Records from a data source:
^^^^^^^^^^^^^^^^

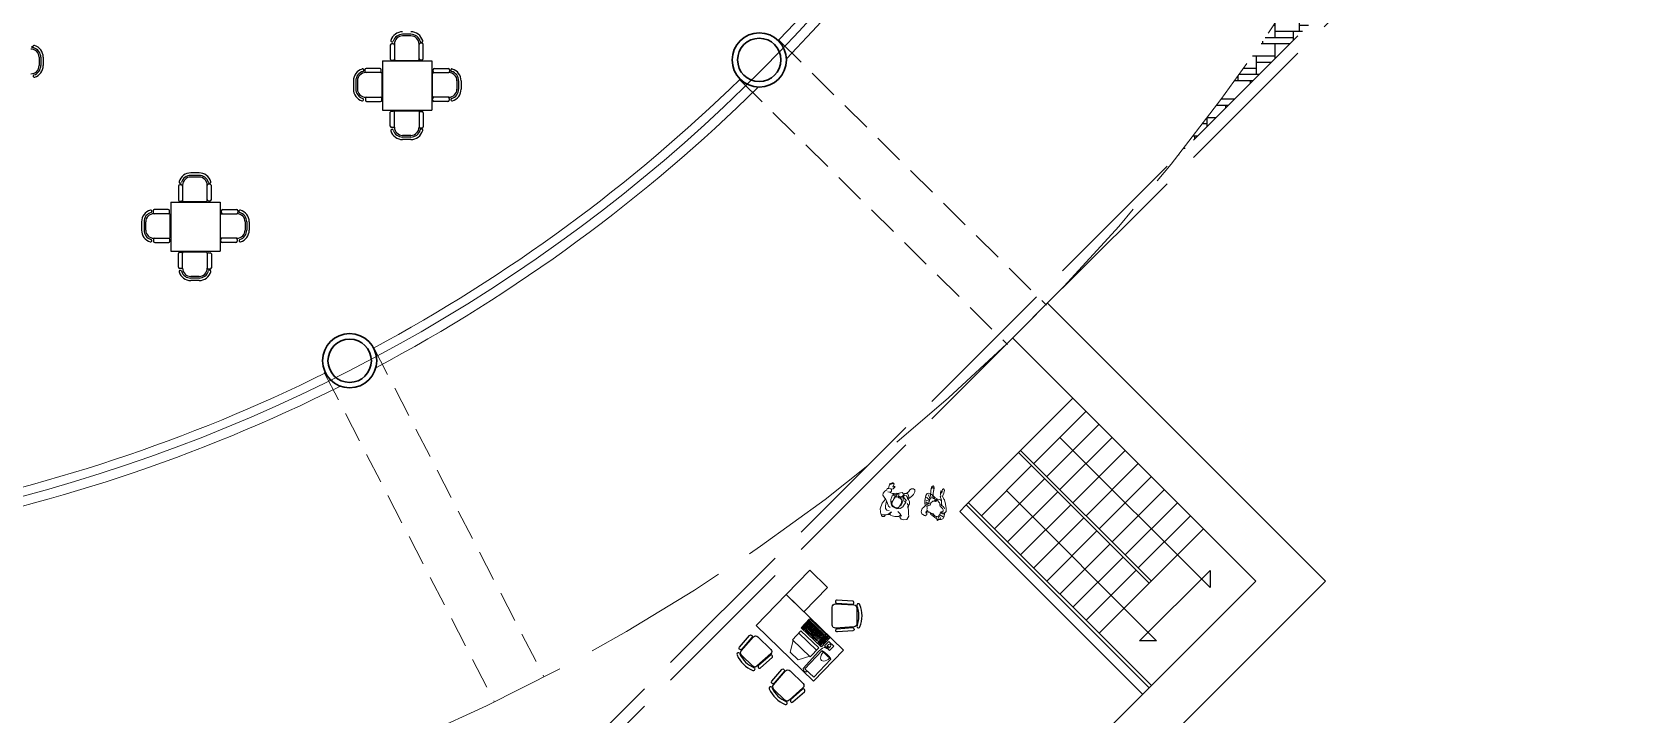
# Model space of a CAD drawing. Header units: millimetres. Extents: x 383 to 523, y 252 to 344.
# Drawn here: x 434.99 to 460.82, y 268.05 to 279.13 of the extents above; entities that cross this region are included whole.
import ezdxf

# ---------------------------------------------------------------- set-up
doc = ezdxf.new("R2010")
doc.units = ezdxf.units.MM
doc.header["$MEASUREMENT"] = 0
doc.linetypes.add('ACAD_ISO02W100', pattern=[15, 12, -3])
doc.linetypes.add('DASHED', pattern=[0.75, 0.5, -0.25])
for name, color, linetype, lineweight in [('CPU', 211, 'Continuous', 5), ('cubierta', 1, 'ACAD_ISO02W100', 15), ('muros', 5, 'Continuous', 30)]:
    doc.layers.add(name, color=color, linetype=linetype, lineweight=lineweight)
doc.layers.add('letreros', color=6, linetype='Continuous')
doc.layers.add('muebles', color=193, linetype='Continuous')

# ---------------------------------------------------------------- blocks, each defined once
blk = doc.blocks.new('cpu')
at = {"layer": 'CPU'}
for p, q in [((392.12, 179.722), (392.219, 179.892)), ((392.395, 179.892), (392.219, 179.892)), ((392.493, 179.722), (392.395, 179.892)), ((392.776, 179.922), (392.576, 179.922)), ((392.576, 179.922), (392.576, 179.522)), ((392.776, 179.522), (392.776, 179.922)), ((392.105, 179.722), (392.105, 179.522)), ((392.505, 179.722), (392.105, 179.722)), ((392.105, 179.572), (392.505, 179.572)), ((392.105, 179.522), (392.505, 179.522)), ((392.505, 179.522), (392.505, 179.722)), ((392.576, 179.522), (392.776, 179.522)), ((392.074, 179.282), (392.074, 179.482)), ((392.074, 179.282), (392.074, 179.482)), ((392.525, 179.483), (392.075, 179.483)), ((392.076, 179.282), (392.526, 179.282)), ((392.086, 179.443), (392.086, 179.463)), ((392.406, 179.463), (392.086, 179.463)), ((392.406, 179.443), (392.086, 179.443)), ((392.406, 179.423), (392.086, 179.423)), ((392.086, 179.302), (392.086, 179.423)), ((392.406, 179.403), (392.086, 179.403)), ((392.406, 179.383), (392.086, 179.383)), ((392.406, 179.363), (392.086, 179.363)), ((392.406, 179.343), (392.086, 179.343)), ((392.406, 179.323), (392.086, 179.323)), ((392.086, 179.302), (392.406, 179.302)), ((392.106, 179.443), (392.106, 179.463)), ((392.106, 179.363), (392.106, 179.423)), ((392.106, 179.302), (392.106, 179.343)), ((392.126, 179.443), (392.126, 179.463)), ((392.126, 179.302), (392.126, 179.423)), ((392.146, 179.443), (392.146, 179.463)), ((392.146, 179.302), (392.146, 179.423)), ((392.166, 179.443), (392.166, 179.463)), ((392.166, 179.302), (392.166, 179.423)), ((392.186, 179.443), (392.186, 179.463)), ((392.186, 179.323), (392.186, 179.423)), ((392.206, 179.443), (392.206, 179.463)), ((392.206, 179.323), (392.206, 179.423)), ((392.226, 179.443), (392.226, 179.463)), ((392.226, 179.323), (392.226, 179.423)), ((392.246, 179.443), (392.246, 179.463)), ((392.246, 179.323), (392.246, 179.423)), ((392.266, 179.443), (392.266, 179.463)), ((392.266, 179.323), (392.266, 179.423)), ((392.286, 179.443), (392.286, 179.463)), ((392.286, 179.323), (392.286, 179.423)), ((392.306, 179.443), (392.306, 179.463)), ((392.306, 179.302), (392.306, 179.423)), ((392.326, 179.443), (392.326, 179.463)), ((392.326, 179.302), (392.326, 179.423)), ((392.346, 179.443), (392.346, 179.463)), ((392.346, 179.302), (392.346, 179.423)), ((392.366, 179.443), (392.366, 179.463)), ((392.366, 179.302), (392.366, 179.423)), ((392.386, 179.443), (392.386, 179.463)), ((392.386, 179.343), (392.386, 179.403)), ((392.386, 179.302), (392.386, 179.323)), ((392.406, 179.443), (392.406, 179.463)), ((392.406, 179.302), (392.406, 179.423)), ((392.506, 179.463), (392.426, 179.463)), ((392.426, 179.443), (392.426, 179.463)), ((392.506, 179.443), (392.426, 179.443)), ((392.506, 179.423), (392.426, 179.423)), ((392.426, 179.302), (392.426, 179.423)), ((392.506, 179.403), (392.426, 179.403)), ((392.506, 179.383), (392.426, 179.383)), ((392.506, 179.363), (392.426, 179.363)), ((392.506, 179.343), (392.426, 179.343)), ((392.506, 179.323), (392.426, 179.323)), ((392.426, 179.302), (392.506, 179.302)), ((392.446, 179.443), (392.446, 179.463)), ((392.446, 179.302), (392.446, 179.423)), ((392.466, 179.443), (392.466, 179.463)), ((392.466, 179.302), (392.466, 179.423)), ((392.486, 179.443), (392.486, 179.463)), ((392.486, 179.302), (392.486, 179.423)), ((392.506, 179.443), (392.506, 179.463)), ((392.506, 179.302), (392.506, 179.423)), ((392.526, 179.282), (392.526, 179.482)), ((392.584, 179.401), (392.628, 179.401)), ((392.606, 179.401), (392.606, 179.429))]:
    blk.add_line(p, q, dxfattribs=at)
blk.add_lwpolyline([(392.612, 179.428), (392.606, 179.444), (392.583, 179.444), (392.567, 179.46), (392.554, 179.483), (392.55, 179.512), (392.544, 179.571), (392.554, 179.941), (392.57, 179.954), (392.589, 179.961), (392.616, 179.958), (392.629, 179.945), (392.632, 179.935), (392.635, 179.922)], dxfattribs=at)
blk.add_lwpolyline([(392.552, 179.436), (392.662, 179.436), (392.662, 179.334), (392.552, 179.334)], close=True, dxfattribs=at)
for centre, major_axis, ratio, start_param, end_param in [((392.676, 179.522), (-0.0998, 0), 0.159626, 6.198708, 9.407133), ((392.678, 179.523), (0, -0.117), 0.599901, 1.562782, 4.720403)]:
    blk.add_ellipse(centre, major_axis=major_axis, ratio=ratio, start_param=start_param, end_param=end_param, dxfattribs=at)
blk.add_ellipse((392.606, 179.39), major_axis=(0, 0.0398), ratio=0.562143, dxfattribs=at)
blk = doc.blocks.new('h2')
at = {"layer": 'muebles', "lineweight": 0}
for p, q in [((-0.334, 0.036), (-0.331, 0.054)), ((-0.321, 0.016), (-0.334, 0.036)), ((-0.331, 0.054), (-0.311, 0.067)), ((-0.288, 0.008), (-0.321, 0.016)), ((-0.311, 0.08), (-0.239, 0.126)), ((-0.31, 0.055), (-0.311, 0.08)), ((-0.283, -0.002), (-0.31, 0.055)), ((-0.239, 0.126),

^^^^^^^^^^^^^^^^

> Problem to solve
Would you reproduce the lines above, from the very first through the line containing "doc.layers.add('muebles', color=193, linetype='Continuous')", exactly and without the pictures?

> Task solution
# Model space of a CAD drawing. Header units: millimetres. Extents: x 383 to 523, y 252 to 344.
# Drawn here: x 434.99 to 460.82, y 268.05 to 279.13 of the extents above; entities that cross this region are included whole.
import ezdxf

# ---------------------------------------------------------------- set-up
doc = ezdxf.new("R2010")
doc.units = ezdxf.units.MM
doc.header["$MEASUREMENT"] = 0
doc.linetypes.add('ACAD_ISO02W100', pattern=[15, 12, -3])
doc.linetypes.add('DASHED', pattern=[0.75, 0.5, -0.25])
for name, color, linetype, lineweight in [('CPU', 211, 'Continuous', 5), ('cubierta', 1, 'ACAD_ISO02W100', 15), ('muros', 5, 'Continuous', 30)]:
    doc.layers.add(name, color=color, linetype=linetype, lineweight=lineweight)
doc.layers.add('letreros', color=6, linetype='Continuous')
doc.layers.add('muebles', color=193, linetype='Continuous')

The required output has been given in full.